** Problem details **
From the data that follows, print exactly the lines starting at the one containing "[RL4_Account_Balance] -> GUIScope/14" and ending at the one containing "[BG_Voltage] -> GUIScope/30"; include both of them and nothing more.

── Source records

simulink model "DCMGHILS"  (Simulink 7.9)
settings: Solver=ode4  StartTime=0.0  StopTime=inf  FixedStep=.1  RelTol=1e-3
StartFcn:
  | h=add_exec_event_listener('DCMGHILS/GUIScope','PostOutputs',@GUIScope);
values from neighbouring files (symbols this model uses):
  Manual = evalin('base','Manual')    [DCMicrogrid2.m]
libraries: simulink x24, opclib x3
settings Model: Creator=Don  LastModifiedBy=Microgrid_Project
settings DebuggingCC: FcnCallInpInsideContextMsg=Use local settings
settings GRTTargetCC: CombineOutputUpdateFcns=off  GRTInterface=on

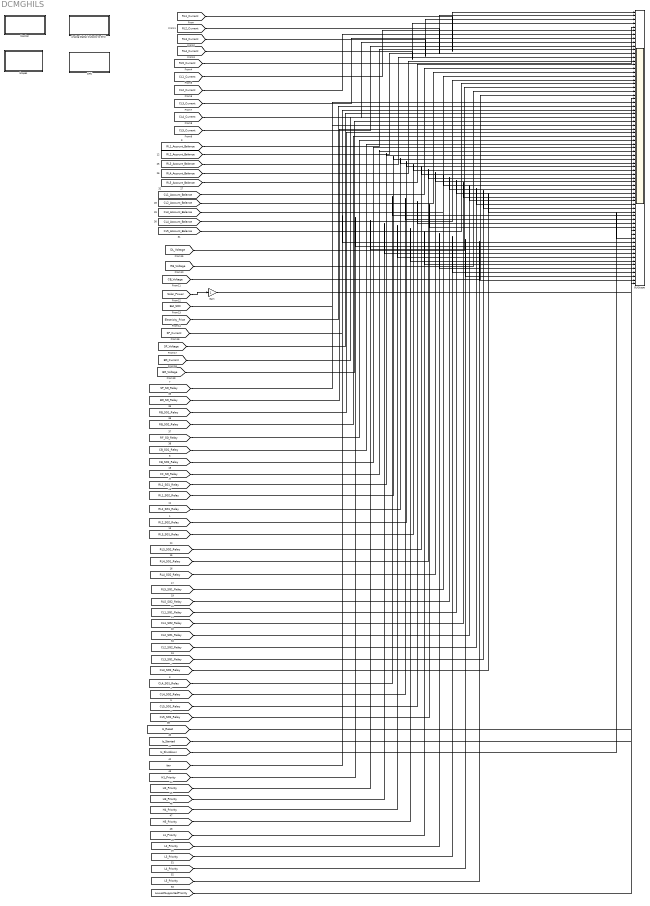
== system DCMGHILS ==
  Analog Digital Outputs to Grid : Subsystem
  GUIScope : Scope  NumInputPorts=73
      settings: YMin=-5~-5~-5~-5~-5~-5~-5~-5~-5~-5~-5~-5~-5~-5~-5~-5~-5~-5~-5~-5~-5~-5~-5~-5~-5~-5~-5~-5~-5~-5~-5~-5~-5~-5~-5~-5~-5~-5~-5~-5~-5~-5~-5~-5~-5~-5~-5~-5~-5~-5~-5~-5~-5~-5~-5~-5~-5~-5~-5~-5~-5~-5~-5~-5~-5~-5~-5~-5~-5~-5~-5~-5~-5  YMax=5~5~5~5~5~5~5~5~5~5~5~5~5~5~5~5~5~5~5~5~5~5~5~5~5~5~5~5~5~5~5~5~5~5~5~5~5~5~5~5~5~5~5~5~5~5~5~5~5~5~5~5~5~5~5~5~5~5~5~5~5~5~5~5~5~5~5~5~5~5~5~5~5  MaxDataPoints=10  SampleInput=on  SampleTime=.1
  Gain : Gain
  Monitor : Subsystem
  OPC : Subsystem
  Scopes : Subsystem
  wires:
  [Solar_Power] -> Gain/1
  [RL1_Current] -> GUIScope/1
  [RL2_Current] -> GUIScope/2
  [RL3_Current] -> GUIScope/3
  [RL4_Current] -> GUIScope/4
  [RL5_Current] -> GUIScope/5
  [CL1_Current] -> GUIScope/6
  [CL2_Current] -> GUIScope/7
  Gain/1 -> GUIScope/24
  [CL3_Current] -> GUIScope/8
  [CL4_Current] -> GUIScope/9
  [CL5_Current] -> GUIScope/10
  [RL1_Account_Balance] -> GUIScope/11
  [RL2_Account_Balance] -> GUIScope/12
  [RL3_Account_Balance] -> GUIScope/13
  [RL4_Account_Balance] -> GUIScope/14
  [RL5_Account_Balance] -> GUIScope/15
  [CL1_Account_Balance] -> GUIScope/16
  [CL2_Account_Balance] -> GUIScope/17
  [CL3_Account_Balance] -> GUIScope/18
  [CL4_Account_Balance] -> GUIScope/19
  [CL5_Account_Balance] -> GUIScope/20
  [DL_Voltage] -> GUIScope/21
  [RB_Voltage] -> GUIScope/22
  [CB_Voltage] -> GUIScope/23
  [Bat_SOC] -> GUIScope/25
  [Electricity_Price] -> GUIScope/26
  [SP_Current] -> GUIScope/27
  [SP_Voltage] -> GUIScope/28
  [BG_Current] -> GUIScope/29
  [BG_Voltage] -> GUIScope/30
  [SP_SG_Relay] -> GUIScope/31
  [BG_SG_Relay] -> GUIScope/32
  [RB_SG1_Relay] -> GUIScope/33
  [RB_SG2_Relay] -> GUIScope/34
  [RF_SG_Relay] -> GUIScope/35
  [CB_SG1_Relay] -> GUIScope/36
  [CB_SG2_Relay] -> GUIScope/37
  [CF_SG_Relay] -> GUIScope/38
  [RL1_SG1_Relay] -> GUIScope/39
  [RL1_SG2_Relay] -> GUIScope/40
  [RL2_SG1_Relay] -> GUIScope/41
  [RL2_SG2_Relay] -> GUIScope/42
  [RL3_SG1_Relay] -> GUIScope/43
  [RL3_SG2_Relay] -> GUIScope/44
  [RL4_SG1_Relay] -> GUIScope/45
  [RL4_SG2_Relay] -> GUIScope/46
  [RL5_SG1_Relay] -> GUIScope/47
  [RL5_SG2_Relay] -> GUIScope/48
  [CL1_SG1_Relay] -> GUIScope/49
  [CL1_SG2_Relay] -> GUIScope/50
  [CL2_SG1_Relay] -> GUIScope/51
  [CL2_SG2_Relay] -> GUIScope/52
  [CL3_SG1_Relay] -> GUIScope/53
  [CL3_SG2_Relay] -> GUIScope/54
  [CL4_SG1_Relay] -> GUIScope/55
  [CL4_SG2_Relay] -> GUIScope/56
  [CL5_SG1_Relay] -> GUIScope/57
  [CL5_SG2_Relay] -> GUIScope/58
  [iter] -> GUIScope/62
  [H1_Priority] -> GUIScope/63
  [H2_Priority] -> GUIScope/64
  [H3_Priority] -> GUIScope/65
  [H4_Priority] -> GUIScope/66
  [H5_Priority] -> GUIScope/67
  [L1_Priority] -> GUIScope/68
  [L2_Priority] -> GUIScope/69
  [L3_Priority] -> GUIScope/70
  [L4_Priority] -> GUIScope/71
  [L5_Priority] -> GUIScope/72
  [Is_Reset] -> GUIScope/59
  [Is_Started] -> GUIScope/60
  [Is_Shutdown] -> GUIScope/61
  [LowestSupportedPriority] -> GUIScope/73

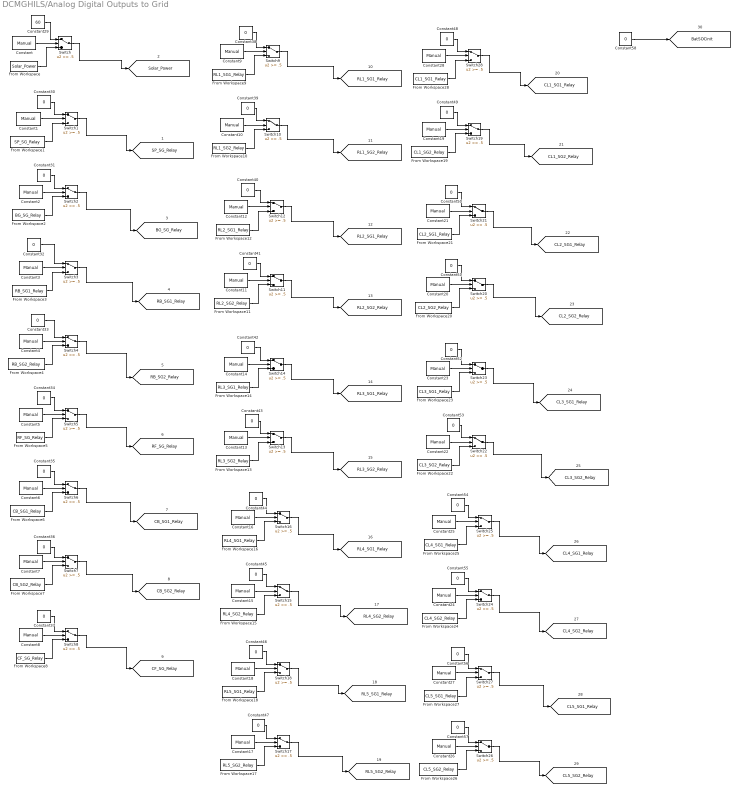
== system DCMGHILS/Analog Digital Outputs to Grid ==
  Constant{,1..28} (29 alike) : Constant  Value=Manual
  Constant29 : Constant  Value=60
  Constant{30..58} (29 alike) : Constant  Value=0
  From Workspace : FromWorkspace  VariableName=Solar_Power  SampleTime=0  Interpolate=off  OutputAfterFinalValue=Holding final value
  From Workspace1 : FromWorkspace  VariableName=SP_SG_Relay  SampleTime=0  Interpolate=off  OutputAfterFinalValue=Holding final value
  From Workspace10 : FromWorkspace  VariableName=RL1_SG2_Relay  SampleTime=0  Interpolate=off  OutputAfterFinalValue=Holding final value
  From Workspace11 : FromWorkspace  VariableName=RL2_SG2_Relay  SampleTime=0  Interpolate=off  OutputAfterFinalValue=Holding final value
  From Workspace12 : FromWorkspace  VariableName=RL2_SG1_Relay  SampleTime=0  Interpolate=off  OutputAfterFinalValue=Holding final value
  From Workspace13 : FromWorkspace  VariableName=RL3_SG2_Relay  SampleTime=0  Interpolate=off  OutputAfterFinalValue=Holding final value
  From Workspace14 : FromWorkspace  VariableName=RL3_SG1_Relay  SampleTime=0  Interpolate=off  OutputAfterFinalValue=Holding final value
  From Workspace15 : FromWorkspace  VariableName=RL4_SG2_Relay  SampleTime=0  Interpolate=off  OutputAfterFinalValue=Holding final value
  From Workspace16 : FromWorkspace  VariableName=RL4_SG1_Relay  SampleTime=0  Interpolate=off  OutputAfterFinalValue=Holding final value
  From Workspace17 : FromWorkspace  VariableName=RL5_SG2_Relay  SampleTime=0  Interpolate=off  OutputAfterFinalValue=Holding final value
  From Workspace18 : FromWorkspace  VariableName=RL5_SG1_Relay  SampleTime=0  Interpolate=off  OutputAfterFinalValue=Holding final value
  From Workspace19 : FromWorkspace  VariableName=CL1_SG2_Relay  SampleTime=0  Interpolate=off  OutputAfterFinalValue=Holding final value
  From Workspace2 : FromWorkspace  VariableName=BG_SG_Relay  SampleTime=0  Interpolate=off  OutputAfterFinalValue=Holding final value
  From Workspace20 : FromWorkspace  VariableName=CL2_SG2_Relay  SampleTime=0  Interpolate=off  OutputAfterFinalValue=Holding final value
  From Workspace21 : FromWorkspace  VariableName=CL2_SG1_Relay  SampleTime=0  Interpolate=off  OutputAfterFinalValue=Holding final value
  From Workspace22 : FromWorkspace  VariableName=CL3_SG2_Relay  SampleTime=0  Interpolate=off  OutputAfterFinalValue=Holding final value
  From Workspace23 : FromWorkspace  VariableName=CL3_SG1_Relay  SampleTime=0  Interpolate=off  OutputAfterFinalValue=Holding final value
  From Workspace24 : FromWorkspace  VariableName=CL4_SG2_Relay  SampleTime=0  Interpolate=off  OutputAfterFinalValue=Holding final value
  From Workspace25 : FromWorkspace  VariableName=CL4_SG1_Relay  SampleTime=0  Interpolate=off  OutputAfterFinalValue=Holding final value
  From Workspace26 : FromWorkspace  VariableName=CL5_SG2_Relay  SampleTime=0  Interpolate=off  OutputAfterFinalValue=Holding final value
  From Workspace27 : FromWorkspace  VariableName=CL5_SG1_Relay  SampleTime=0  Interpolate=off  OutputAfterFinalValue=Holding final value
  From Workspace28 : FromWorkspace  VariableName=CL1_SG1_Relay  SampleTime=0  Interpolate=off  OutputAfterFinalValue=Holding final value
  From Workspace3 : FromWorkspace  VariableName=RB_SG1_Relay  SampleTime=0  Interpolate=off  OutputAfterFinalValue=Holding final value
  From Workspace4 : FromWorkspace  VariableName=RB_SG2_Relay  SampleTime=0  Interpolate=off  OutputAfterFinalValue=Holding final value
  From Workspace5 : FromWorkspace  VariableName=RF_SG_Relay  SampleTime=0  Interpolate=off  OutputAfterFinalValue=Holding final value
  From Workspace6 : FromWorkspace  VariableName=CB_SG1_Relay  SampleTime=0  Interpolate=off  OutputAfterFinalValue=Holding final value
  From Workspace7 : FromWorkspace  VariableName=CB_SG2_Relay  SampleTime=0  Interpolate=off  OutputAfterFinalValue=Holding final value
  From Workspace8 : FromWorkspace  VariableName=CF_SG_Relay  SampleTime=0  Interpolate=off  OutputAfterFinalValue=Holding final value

────

** Solution to the problem **
  [RL4_Account_Balance] -> GUIScope/14
  [RL5_Account_Balance] -> GUIScope/15
  [CL1_Account_Balance] -> GUIScope/16
  [CL2_Account_Balance] -> GUIScope/17
  [CL3_Account_Balance] -> GUIScope/18
  [CL4_Account_Balance] -> GUIScope/19
  [CL5_Account_Balance] -> GUIScope/20
  [DL_Voltage] -> GUIScope/21
  [RB_Voltage] -> GUIScope/22
  [CB_Voltage] -> GUIScope/23
  [Bat_SOC] -> GUIScope/25
  [Electricity_Price] -> GUIScope/26
  [SP_Current] -> GUIScope/27
  [SP_Voltage] -> GUIScope/28
  [BG_Current] -> GUIScope/29
  [BG_Voltage] -> GUIScope/30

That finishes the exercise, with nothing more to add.